── Information shown

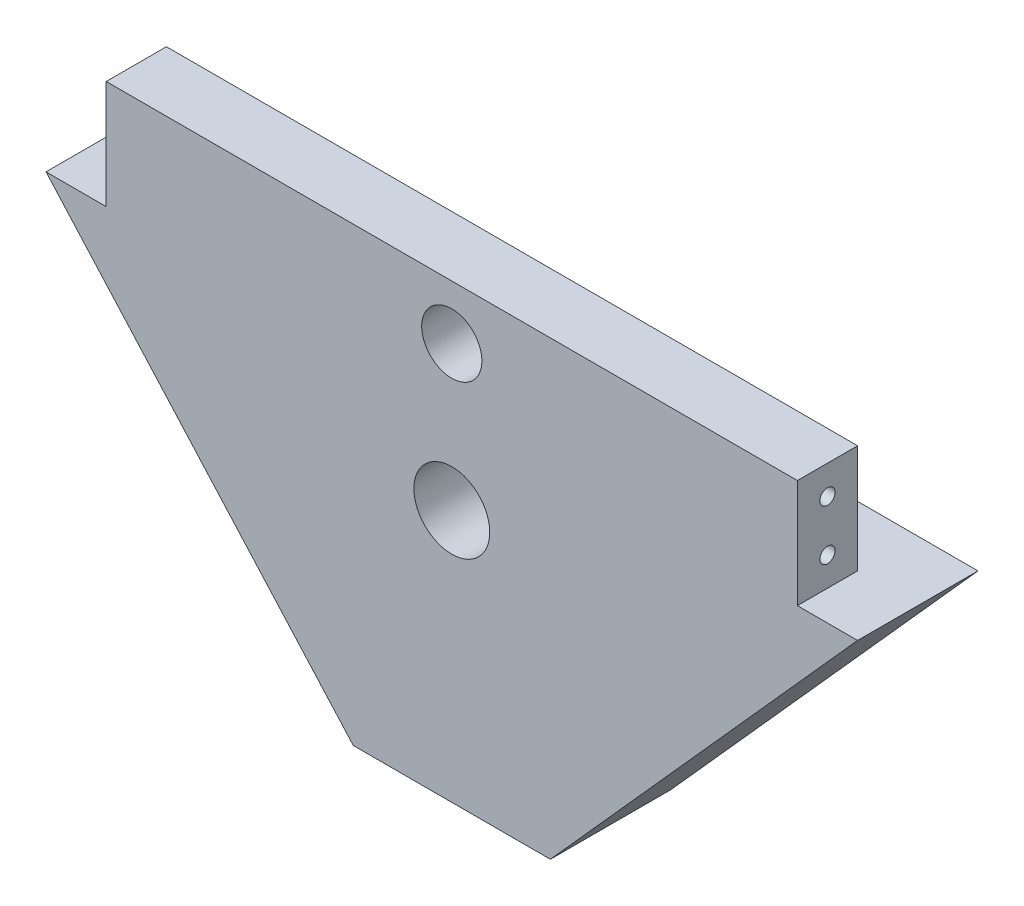
ISO-10303-21;
HEADER;
FILE_DESCRIPTION(('STEP AP214'),'2;1');
FILE_NAME('part.step','',(''),(''),'','','');
FILE_SCHEMA(('AUTOMOTIVE_DESIGN { 1 0 10303 214 1 1 1 1 }'));
ENDSEC;
DATA;
#1=APPLICATION_CONTEXT('core data for automotive mechanical design processes');
#2=APPLICATION_PROTOCOL_DEFINITION('international standard','automotive_design',2000,#1);
#3=PRODUCT_CONTEXT('',#1,'mechanical');
#4=PRODUCT('Part','Part','',(#3));
#5=PRODUCT_RELATED_PRODUCT_CATEGORY('part','',(#4));
#6=PRODUCT_DEFINITION_FORMATION('','',#4);
#7=PRODUCT_DEFINITION_CONTEXT('part definition',#1,'design');
#8=PRODUCT_DEFINITION('design','',#6,#7);
#9=PRODUCT_DEFINITION_SHAPE('','',#8);
#10=(LENGTH_UNIT() NAMED_UNIT(*) SI_UNIT(.MILLI.,.METRE.));
#11=(NAMED_UNIT(*) PLANE_ANGLE_UNIT() SI_UNIT($,.RADIAN.));
#12=(NAMED_UNIT(*) SI_UNIT($,.STERADIAN.) SOLID_ANGLE_UNIT());
#13=UNCERTAINTY_MEASURE_WITH_UNIT(LENGTH_MEASURE(1.E-05),#10,'distance_accuracy_value','');
#14=(GEOMETRIC_REPRESENTATION_CONTEXT(3) GLOBAL_UNCERTAINTY_ASSIGNED_CONTEXT((#13)) GLOBAL_UNIT_ASSIGNED_CONTEXT((#10,
#11,#12)) REPRESENTATION_CONTEXT('',''));
#15=CARTESIAN_POINT('',(0.,0.,0.));
#16=DIRECTION('',(0.,0.,1.));
#17=DIRECTION('',(1.,0.,0.));
#18=AXIS2_PLACEMENT_3D('',#15,#16,#17);
#19=CARTESIAN_POINT('',(-42.8001305488663,5.715,-12.7));
#20=DIRECTION('',(0.,1.,0.));
#21=DIRECTION('',(-1.,0.,0.));
#22=AXIS2_PLACEMENT_3D('',#19,#20,#21);
#23=PLANE('',#22);
#24=DIRECTION('',(0.,0.,-1.));
#25=VECTOR('',#24,1.);
#26=CARTESIAN_POINT('',(36.4501305488663,5.71500000000001,0.));
#27=LINE('',#26,#25);
#28=CARTESIAN_POINT('',(36.4501305488663,5.71500000000001,0.));
#29=VERTEX_POINT('',#28);
#30=CARTESIAN_POINT('',(36.4501305488663,5.71500000000001,-6.35));
#31=VERTEX_POINT('',#30);
#32=EDGE_CURVE('E168',#29,#31,#27,.T.);
#33=ORIENTED_EDGE('',*,*,#32,.T.);
#34=DIRECTION('',(1.,0.,0.));
#35=VECTOR('',#34,1.);
#36=CARTESIAN_POINT('',(-42.8001305488663,5.71500000000011,-6.35));
#37=LINE('',#36,#35);
#38=CARTESIAN_POINT('',(-36.4501305488663,5.71500000000001,-6.35));
#39=VERTEX_POINT('',#38);
#40=EDGE_CURVE('E186',#39,#31,#37,.T.);
#41=ORIENTED_EDGE('',*,*,#40,.F.);
#42=DIRECTION('',(0.,0.,-1.));
#43=VECTOR('',#42,1.);
#44=CARTESIAN_POINT('',(-36.4501305488663,5.71500000000001,0.));
#45=LINE('',#44,#43);
#46=CARTESIAN_POINT('',(-36.4501305488663,5.71500000000001,0.));
#47=VERTEX_POINT('',#46);
#48=EDGE_CURVE('E179',#47,#39,#45,.T.);
#49=ORIENTED_EDGE('',*,*,#48,.F.);
#50=DIRECTION('',(-1.,0.,0.));
#51=VECTOR('',#50,1.);
#52=CARTESIAN_POINT('',(-42.8001305488663,5.715,0.));
#53=LINE('',#52,#51);
#54=EDGE_CURVE('E204',#29,#47,#53,.T.);
#55=ORIENTED_EDGE('',*,*,#54,.F.);
#56=EDGE_LOOP('',(#33,#41,#49,#55));
#57=FACE_BOUND('',#56,.T.);
#58=ADVANCED_FACE('F44',(#57),#23,.T.);
#59=CARTESIAN_POINT('',(10.395398020278,-41.91,-12.7));
#60=DIRECTION('',(0.745039441543224,-0.667020412390026,0.));
#61=DIRECTION('',(0.667020412390026,0.745039441543224,0.));
#62=AXIS2_PLACEMENT_3D('',#59,#60,#61);
#63=PLANE('',#62);
#64=DIRECTION('',(0.667020412390026,0.745039441543224,0.));
#65=VECTOR('',#64,1.);
#66=CARTESIAN_POINT('',(10.395398020278,-41.91,0.));
#67=LINE('',#66,#65);
#68=CARTESIAN_POINT('',(10.395398020278,-41.91,0.));
#69=VERTEX_POINT('',#68);
#70=CARTESIAN_POINT('',(42.8001305488663,-5.71500000000001,0.));
#71=VERTEX_POINT('',#70);
#72=EDGE_CURVE('E215',#69,#71,#67,.T.);
#73=ORIENTED_EDGE('',*,*,#72,.F.);
#74=DIRECTION('',(0.,0.,1.));
#75=VECTOR('',#74,1.);
#76=CARTESIAN_POINT('',(10.395398020278,-41.91,-12.7));
#77=LINE('',#76,#75);
#78=CARTESIAN_POINT('',(10.395398020278,-41.91,-12.7));
#79=VERTEX_POINT('',#78);
#80=EDGE_CURVE('E53',#79,#69,#77,.T.);
#81=ORIENTED_EDGE('',*,*,#80,.F.);
#82=DIRECTION('',(0.667020412390026,0.745039441543224,0.));
#83=VECTOR('',#82,1.);
#84=CARTESIAN_POINT('',(10.395398020278,-41.91,-12.7));
#85=LINE('',#84,#83);
#86=CARTESIAN_POINT('',(42.8001305488663,-5.71500000000002,-12.7));
#87=VERTEX_POINT('',#86);
#88=EDGE_CURVE('E206',#79,#87,#85,.T.);
#89=ORIENTED_EDGE('',*,*,#88,.T.);
#90=DIRECTION('',(0.,0.,1.));
#91=VECTOR('',#90,1.);
#92=CARTESIAN_POINT('',(42.8001305488663,-5.71500000000002,-12.7));
#93=LINE('',#92,#91);
#94=EDGE_CURVE('E11',#87,#71,#93,.T.);
#95=ORIENTED_EDGE('',*,*,#94,.T.);
#96=EDGE_LOOP('',(#73,#81,#89,#95));
#97=FACE_BOUND('',#96,.T.);
#98=ADVANCED_FACE('F231',(#97),#63,.T.);
#99=CARTESIAN_POINT('',(-10.395398020278,-41.91,-12.7));
#100=DIRECTION('',(0.,-1.,0.));
#101=DIRECTION('',(0.,0.,-1.));
#102=AXIS2_PLACEMENT_3D('',#99,#100,#101);
#103=PLANE('',#102);
#104=DIRECTION('',(1.,0.,0.));
#105=VECTOR('',#104,1.);
#106=CARTESIAN_POINT('',(-10.395398020278,-41.91,0.));
#107=LINE('',#106,#105);
#108=CARTESIAN_POINT('',(-10.395398020278,-41.91,0.));
#109=VERTEX_POINT('',#108);
#110=EDGE_CURVE('E212',#109,#69,#107,.T.);
#111=ORIENTED_EDGE('',*,*,#110,.F.);
#112=DIRECTION('',(0.,0.,1.));
#113=VECTOR('',#112,1.);
#114=CARTESIAN_POINT('',(-10.395398020278,-41.91,-12.7));
#115=LINE('',#114,#113);
#116=CARTESIAN_POINT('',(-10.395398020278,-41.91,-12.7));
#117=VERTEX_POINT('',#116);
#118=EDGE_CURVE('E85',#117,#109,#115,.T.);
#119=ORIENTED_EDGE('',*,*,#118,.F.);
#120=DIRECTION('',(1.,0.,0.));
#121=VECTOR('',#120,1.);
#122=CARTESIAN_POINT('',(-10.395398020278,-41.91,-12.7));
#123=LINE('',#122,#121);
#124=EDGE_CURVE('E203',#117,#79,#123,.T.);
#125=ORIENTED_EDGE('',*,*,#124,.T.);
#126=ORIENTED_EDGE('',*,*,#80,.T.);
#127=EDGE_LOOP('',(#111,#119,#125,#126));
#128=FACE_BOUND('',#127,.T.);
#129=ADVANCED_FACE('F229',(#128),#103,.T.);
#130=CARTESIAN_POINT('',(-42.8001305488663,-5.71500000000003,-12.7));
#131=DIRECTION('',(-0.745039441543224,-0.667020412390026,0.));
#132=DIRECTION('',(0.667020412390026,-0.745039441543224,0.));
#133=AXIS2_PLACEMENT_3D('',#130,#131,#132);
#134=PLANE('',#133);
#135=DIRECTION('',(0.667020412390026,-0.745039441543224,0.));
#136=VECTOR('',#135,1.);
#137=CARTESIAN_POINT('',(-42.8001305488663,-5.71500000000003,0.));
#138=LINE('',#137,#136);
#139=CARTESIAN_POINT('',(-42.8001305488663,-5.71499999999993,0.));
#140=VERTEX_POINT('',#139);
#141=EDGE_CURVE('E199',#140,#109,#138,.T.);
#142=ORIENTED_EDGE('',*,*,#141,.F.);
#143=DIRECTION('',(0.,0.,1.));
#144=VECTOR('',#143,1.);
#145=CARTESIAN_POINT('',(-42.8001305488663,-5.71500000000003,-12.7));
#146=LINE('',#145,#144);
#147=CARTESIAN_POINT('',(-42.8001305488663,-5.71499999999991,-12.7));
#148=VERTEX_POINT('',#147);
#149=EDGE_CURVE('E209',#148,#140,#146,.T.);
#150=ORIENTED_EDGE('',*,*,#149,.F.);
#151=DIRECTION('',(0.667020412390026,-0.745039441543224,0.));
#152=VECTOR('',#151,1.);
#153=CARTESIAN_POINT('',(-42.8001305488663,-5.71500000000003,-12.7));
#154=LINE('',#153,#152);
#155=EDGE_CURVE('E200',#148,#117,#154,.T.);
#156=ORIENTED_EDGE('',*,*,#155,.T.);
#157=ORIENTED_EDGE('',*,*,#118,.T.);
#158=EDGE_LOOP('',(#142,#150,#156,#157));
#159=FACE_BOUND('',#158,.T.);
#160=ADVANCED_FACE('F46',(#159),#134,.T.);
#161=CARTESIAN_POINT('',(0.,0.,-12.7));
#162=DIRECTION('',(0.,0.,-1.));
#163=DIRECTION('',(-1.,0.,0.));
#164=AXIS2_PLACEMENT_3D('',#161,#162,#163);
#165=PLANE('',#164);
#166=CARTESIAN_POINT('',(0.,-15.24,-12.7));
#167=DIRECTION('',(0.,0.,1.));
#168=DIRECTION('',(1.,0.,0.));
#169=AXIS2_PLACEMENT_3D('',#166,#167,#168);
#170=CIRCLE('',#169,4.);
#171=CARTESIAN_POINT('',(4.,-15.24,-12.7));
#172=VERTEX_POINT('',#171);
#173=EDGE_CURVE('E183',#172,#172,#170,.T.);
#174=ORIENTED_EDGE('',*,*,#173,.T.);
#175=EDGE_LOOP('',(#174));
#176=FACE_BOUND('',#175,.T.);
#177=DIRECTION('',(1.,0.,0.));
#178=VECTOR('',#177,1.);
#179=CARTESIAN_POINT('',(-42.8001305488663,-5.71499999999991,-12.7));
#180=LINE('',#179,#178);
#181=EDGE_CURVE('E189',#148,#87,#180,.T.);
#182=ORIENTED_EDGE('',*,*,#181,.T.);
#183=ORIENTED_EDGE('',*,*,#88,.F.);
#184=ORIENTED_EDGE('',*,*,#124,.F.);
#185=ORIENTED_EDGE('',*,*,#155,.F.);
#186=EDGE_LOOP('',(#182,#183,#184,#185));
#187=FACE_BOUND('',#186,.T.);
#188=ADVANCED_FACE('F258',(#176,#187),#165,.T.);
#189=CARTESIAN_POINT('',(0.,0.,0.));
#190=DIRECTION('',(0.,0.,-1.));
#191=DIRECTION('',(-1.,0.,0.));
#192=AXIS2_PLACEMENT_3D('',#189,#190,#191);
#193=PLANE('',#192);
#194=CARTESIAN_POINT('',(0.,-15.24,0.));
#195=DIRECTION('',(0.,0.,1.));
#196=DIRECTION('',(1.,0.,0.));
#197=AXIS2_PLACEMENT_3D('',#194,#195,#196);
#198=CIRCLE('',#197,4.);
#199=CARTESIAN_POINT('',(4.,-15.24,0.));
#200=VERTEX_POINT('',#199);
#201=EDGE_CURVE('E171',#200,#200,#198,.T.);
#202=ORIENTED_EDGE('',*,*,#201,.F.);
#203=EDGE_LOOP('',(#202));
#204=FACE_BOUND('',#203,.T.);
#205=CARTESIAN_POINT('',(0.,0.,0.));
#206=DIRECTION('',(0.,0.,1.));
#207=DIRECTION('',(1.,0.,0.));
#208=AXIS2_PLACEMENT_3D('',#205,#206,#207);
#209=CIRCLE('',#208,3.175);
#210=CARTESIAN_POINT('',(3.175,0.,0.));
#211=VERTEX_POINT('',#210);
#212=EDGE_CURVE('E196',#211,#211,#209,.T.);
#213=ORIENTED_EDGE('',*,*,#212,.F.);
#214=EDGE_LOOP('',(#213));
#215=FACE_BOUND('',#214,.T.);
#216=DIRECTION('',(-1.,0.,0.));
#217=VECTOR('',#216,1.);
#218=CARTESIAN_POINT('',(42.8001305488663,-5.71500000000001,0.));
#219=LINE('',#218,#217);
#220=CARTESIAN_POINT('',(36.4501305488663,-5.71499999999992,0.));
#221=VERTEX_POINT('',#220);
#222=EDGE_CURVE('E158',#71,#221,#219,.T.);
#223=ORIENTED_EDGE('',*,*,#222,.T.);
#224=DIRECTION('',(0.,1.,0.));
#225=VECTOR('',#224,1.);
#226=CARTESIAN_POINT('',(36.4501305488663,5.71500000000001,0.));
#227=LINE('',#226,#225);
#228=EDGE_CURVE('E161',#221,#29,#227,.T.);
#229=ORIENTED_EDGE('',*,*,#228,.T.);
#230=ORIENTED_EDGE('',*,*,#54,.T.);
#231=DIRECTION('',(0.,-1.,0.));
#232=VECTOR('',#231,1.);
#233=CARTESIAN_POINT('',(-36.4501305488663,5.71500000000001,0.));
#234=LINE('',#233,#232);
#235=CARTESIAN_POINT('',(-36.4501305488663,-5.71499999999992,0.));
#236=VERTEX_POINT('',#235);
#237=EDGE_CURVE('E173',#47,#236,#234,.T.);
#238=ORIENTED_EDGE('',*,*,#237,.T.);
#239=DIRECTION('',(-1.,0.,0.));
#240=VECTOR('',#239,1.);
#241=CARTESIAN_POINT('',(-42.8001305488663,-5.71499999999993,0.));
#242=LINE('',#241,#240);
#243=EDGE_CURVE('E176',#236,#140,#242,.T.);
#244=ORIENTED_EDGE('',*,*,#243,.T.);
#245=ORIENTED_EDGE('',*,*,#141,.T.);
#246=ORIENTED_EDGE('',*,*,#110,.T.);
#247=ORIENTED_EDGE('',*,*,#72,.T.);
#248=EDGE_LOOP('',(#223,#229,#230,#238,#244,#245,#246,#247));
#249=FACE_BOUND('',#248,.T.);
#250=ADVANCED_FACE('F228',(#204,#215,#249),#193,.F.);
#251=CARTESIAN_POINT('',(0.,0.,-12.7));
#252=DIRECTION('',(0.,0.,1.));
#253=DIRECTION('',(1.,0.,0.));
#254=AXIS2_PLACEMENT_3D('',#251,#252,#253);
#255=CYLINDRICAL_SURFACE('',#254,3.175);
#256=CARTESIAN_POINT('',(0.,0.,-6.35));
#257=DIRECTION('',(0.,0.,1.));
#258=DIRECTION('',(0.,-1.,0.));
#259=AXIS2_PLACEMENT_3D('',#256,#257,#258);
#260=CIRCLE('',#259,3.175);
#261=CARTESIAN_POINT('',(0.,-3.175,-6.35));
#262=VERTEX_POINT('',#261);
#263=EDGE_CURVE('E48',#262,#262,#260,.F.);
#264=ORIENTED_EDGE('',*,*,#263,.T.);
#265=EDGE_LOOP('',(#264));
#266=FACE_BOUND('',#265,.T.);
#267=ORIENTED_EDGE('',*,*,#212,.T.);
#268=EDGE_LOOP('',(#267));
#269=FACE_BOUND('',#268,.T.);
#270=ADVANCED_FACE('F247',(#266,#269),#255,.F.);
#271=CARTESIAN_POINT('',(-42.8001305488663,5.71500000000011,-6.35));
#272=DIRECTION('',(0.,0.,1.));
#273=DIRECTION('',(0.,-1.,0.));
#274=AXIS2_PLACEMENT_3D('',#271,#272,#273);
#275=PLANE('',#274);
#276=ORIENTED_EDGE('',*,*,#40,.T.);
#277=DIRECTION('',(0.,1.,0.));
#278=VECTOR('',#277,1.);
#279=CARTESIAN_POINT('',(36.4501305488663,5.71500000000001,-6.35));
#280=LINE('',#279,#278);
#281=CARTESIAN_POINT('',(36.4501305488663,-5.71499999999991,-6.35));
#282=VERTEX_POINT('',#281);
#283=EDGE_CURVE('E162',#282,#31,#280,.T.);
#284=ORIENTED_EDGE('',*,*,#283,.F.);
#285=DIRECTION('',(1.,0.,0.));
#286=VECTOR('',#285,1.);
#287=CARTESIAN_POINT('',(-42.8001305488663,-5.71499999999991,-6.35));
#288=LINE('',#287,#286);
#289=CARTESIAN_POINT('',(-36.4501305488663,-5.71499999999992,-6.35));
#290=VERTEX_POINT('',#289);
#291=EDGE_CURVE('E191',#290,#282,#288,.T.);
#292=ORIENTED_EDGE('',*,*,#291,.F.);
#293=DIRECTION('',(0.,-1.,0.));
#294=VECTOR('',#293,1.);
#295=CARTESIAN_POINT('',(-36.4501305488663,5.71500000000001,-6.35));
#296=LINE('',#295,#294);
#297=EDGE_CURVE('E61',#39,#290,#296,.T.);
#298=ORIENTED_EDGE('',*,*,#297,.F.);
#299=EDGE_LOOP('',(#276,#284,#292,#298));
#300=FACE_BOUND('',#299,.T.);
#301=ORIENTED_EDGE('',*,*,#263,.F.);
#302=EDGE_LOOP('',(#301));
#303=FACE_BOUND('',#302,.T.);
#304=ADVANCED_FACE('F244',(#300,#303),#275,.F.);
#305=CARTESIAN_POINT('',(-42.8001305488663,-5.71499999999991,-12.7));
#306=DIRECTION('',(0.,-1.,0.));
#307=DIRECTION('',(1.,0.,0.));
#308=AXIS2_PLACEMENT_3D('',#305,#306,#307);
#309=PLANE('',#308);
#310=ORIENTED_EDGE('',*,*,#94,.F.);
#311=ORIENTED_EDGE('',*,*,#181,.F.);
#312=ORIENTED_EDGE('',*,*,#149,.T.);
#313=ORIENTED_EDGE('',*,*,#243,.F.);
#314=DIRECTION('',(0.,0.,-1.));
#315=VECTOR('',#314,1.);
#316=CARTESIAN_POINT('',(-36.4501305488663,-5.71499999999992,0.));
#317=LINE('',#316,#315);
#318=EDGE_CURVE('E167',#236,#290,#317,.T.);
#319=ORIENTED_EDGE('',*,*,#318,.T.);
#320=ORIENTED_EDGE('',*,*,#291,.T.);
#321=DIRECTION('',(0.,0.,-1.));
#322=VECTOR('',#321,1.);
#323=CARTESIAN_POINT('',(36.4501305488663,-5.71499999999992,0.));
#324=LINE('',#323,#322);
#325=EDGE_CURVE('E165',#221,#282,#324,.T.);
#326=ORIENTED_EDGE('',*,*,#325,.F.);
#327=ORIENTED_EDGE('',*,*,#222,.F.);
#328=EDGE_LOOP('',(#310,#311,#312,#313,#319,#320,#326,#327));
#329=FACE_BOUND('',#328,.T.);
#330=ADVANCED_FACE('F223',(#329),#309,.F.);
#331=CARTESIAN_POINT('',(0.,-15.24,-12.7));
#332=DIRECTION('',(0.,0.,1.));
#333=DIRECTION('',(1.,0.,0.));
#334=AXIS2_PLACEMENT_3D('',#331,#332,#333);
#335=CYLINDRICAL_SURFACE('',#334,4.);
#336=ORIENTED_EDGE('',*,*,#173,.F.);
#337=EDGE_LOOP('',(#336));
#338=FACE_BOUND('',#337,.T.);
#339=ORIENTED_EDGE('',*,*,#201,.T.);
#340=EDGE_LOOP('',(#339));
#341=FACE_BOUND('',#340,.T.);
#342=ADVANCED_FACE('F324',(#338,#341),#335,.F.);
#343=CARTESIAN_POINT('',(-36.4501305488663,5.71500000000001,0.));
#344=DIRECTION('',(1.,0.,0.));
#345=DIRECTION('',(0.,0.,-1.));
#346=AXIS2_PLACEMENT_3D('',#343,#344,#345);
#347=PLANE('',#346);
#348=CARTESIAN_POINT('',(-36.4501305488663,2.66700000000001,-3.175));
#349=DIRECTION('',(-1.,0.,0.));
#350=DIRECTION('',(0.,0.,1.));
#351=AXIS2_PLACEMENT_3D('',#348,#349,#350);
#352=CIRCLE('',#351,0.79999999999999);
#353=CARTESIAN_POINT('',(-36.4501305488663,2.66700000000001,-2.37500000000001));
#354=VERTEX_POINT('',#353);
#355=EDGE_CURVE('E146',#354,#354,#352,.T.);
#356=ORIENTED_EDGE('',*,*,#355,.F.);
#357=EDGE_LOOP('',(#356));
#358=FACE_BOUND('',#357,.T.);
#359=CARTESIAN_POINT('',(-36.4501305488663,-2.66699999999992,-3.175));
#360=DIRECTION('',(-1.,0.,0.));
#361=DIRECTION('',(0.,0.,1.));
#362=AXIS2_PLACEMENT_3D('',#359,#360,#361);
#363=CIRCLE('',#362,0.79999999999999);
#364=CARTESIAN_POINT('',(-36.4501305488663,-2.66699999999992,-2.37500000000001));
#365=VERTEX_POINT('',#364);
#366=EDGE_CURVE('E152',#365,#365,#363,.T.);
#367=ORIENTED_EDGE('',*,*,#366,.F.);
#368=EDGE_LOOP('',(#367));
#369=FACE_BOUND('',#368,.T.);
#370=ORIENTED_EDGE('',*,*,#297,.T.);
#371=ORIENTED_EDGE('',*,*,#318,.F.);
#372=ORIENTED_EDGE('',*,*,#237,.F.);
#373=ORIENTED_EDGE('',*,*,#48,.T.);
#374=EDGE_LOOP('',(#370,#371,#372,#373));
#375=FACE_BOUND('',#374,.T.);
#376=ADVANCED_FACE('F242',(#358,#369,#375),#347,.F.);
#377=CARTESIAN_POINT('',(36.4501305488663,5.71500000000001,0.));
#378=DIRECTION('',(-1.,0.,0.));
#379=DIRECTION('',(0.,-1.,0.));
#380=AXIS2_PLACEMENT_3D('',#377,#378,#379);
#381=PLANE('',#380);
#382=CARTESIAN_POINT('',(36.4501305488663,2.66700000000003,-3.175));
#383=DIRECTION('',(1.,0.,0.));
#384=DIRECTION('',(0.,0.,-1.));
#385=AXIS2_PLACEMENT_3D('',#382,#383,#384);
#386=CIRCLE('',#385,0.79999999999999);
#387=CARTESIAN_POINT('',(36.4501305488663,2.66700000000003,-3.97499999999999));
#388=VERTEX_POINT('',#387);
#389=EDGE_CURVE('E136',#388,#388,#386,.T.);
#390=ORIENTED_EDGE('',*,*,#389,.F.);
#391=EDGE_LOOP('',(#390));
#392=FACE_BOUND('',#391,.T.);
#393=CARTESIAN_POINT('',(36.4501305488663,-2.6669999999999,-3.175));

────

The problem.
Transcribe the entries from their first line to the line that holds "#1=APPLICATION_CONTEXT('core data for", both included, and skip every picture.

Response to the task.
ISO-10303-21;
HEADER;
FILE_DESCRIPTION(('STEP AP214'),'2;1');
FILE_NAME('part.step','',(''),(''),'','','');
FILE_SCHEMA(('AUTOMOTIVE_DESIGN { 1 0 10303 214 1 1 1 1 }'));
ENDSEC;
DATA;
#1=APPLICATION_CONTEXT('core data for automotive mechanical design processes');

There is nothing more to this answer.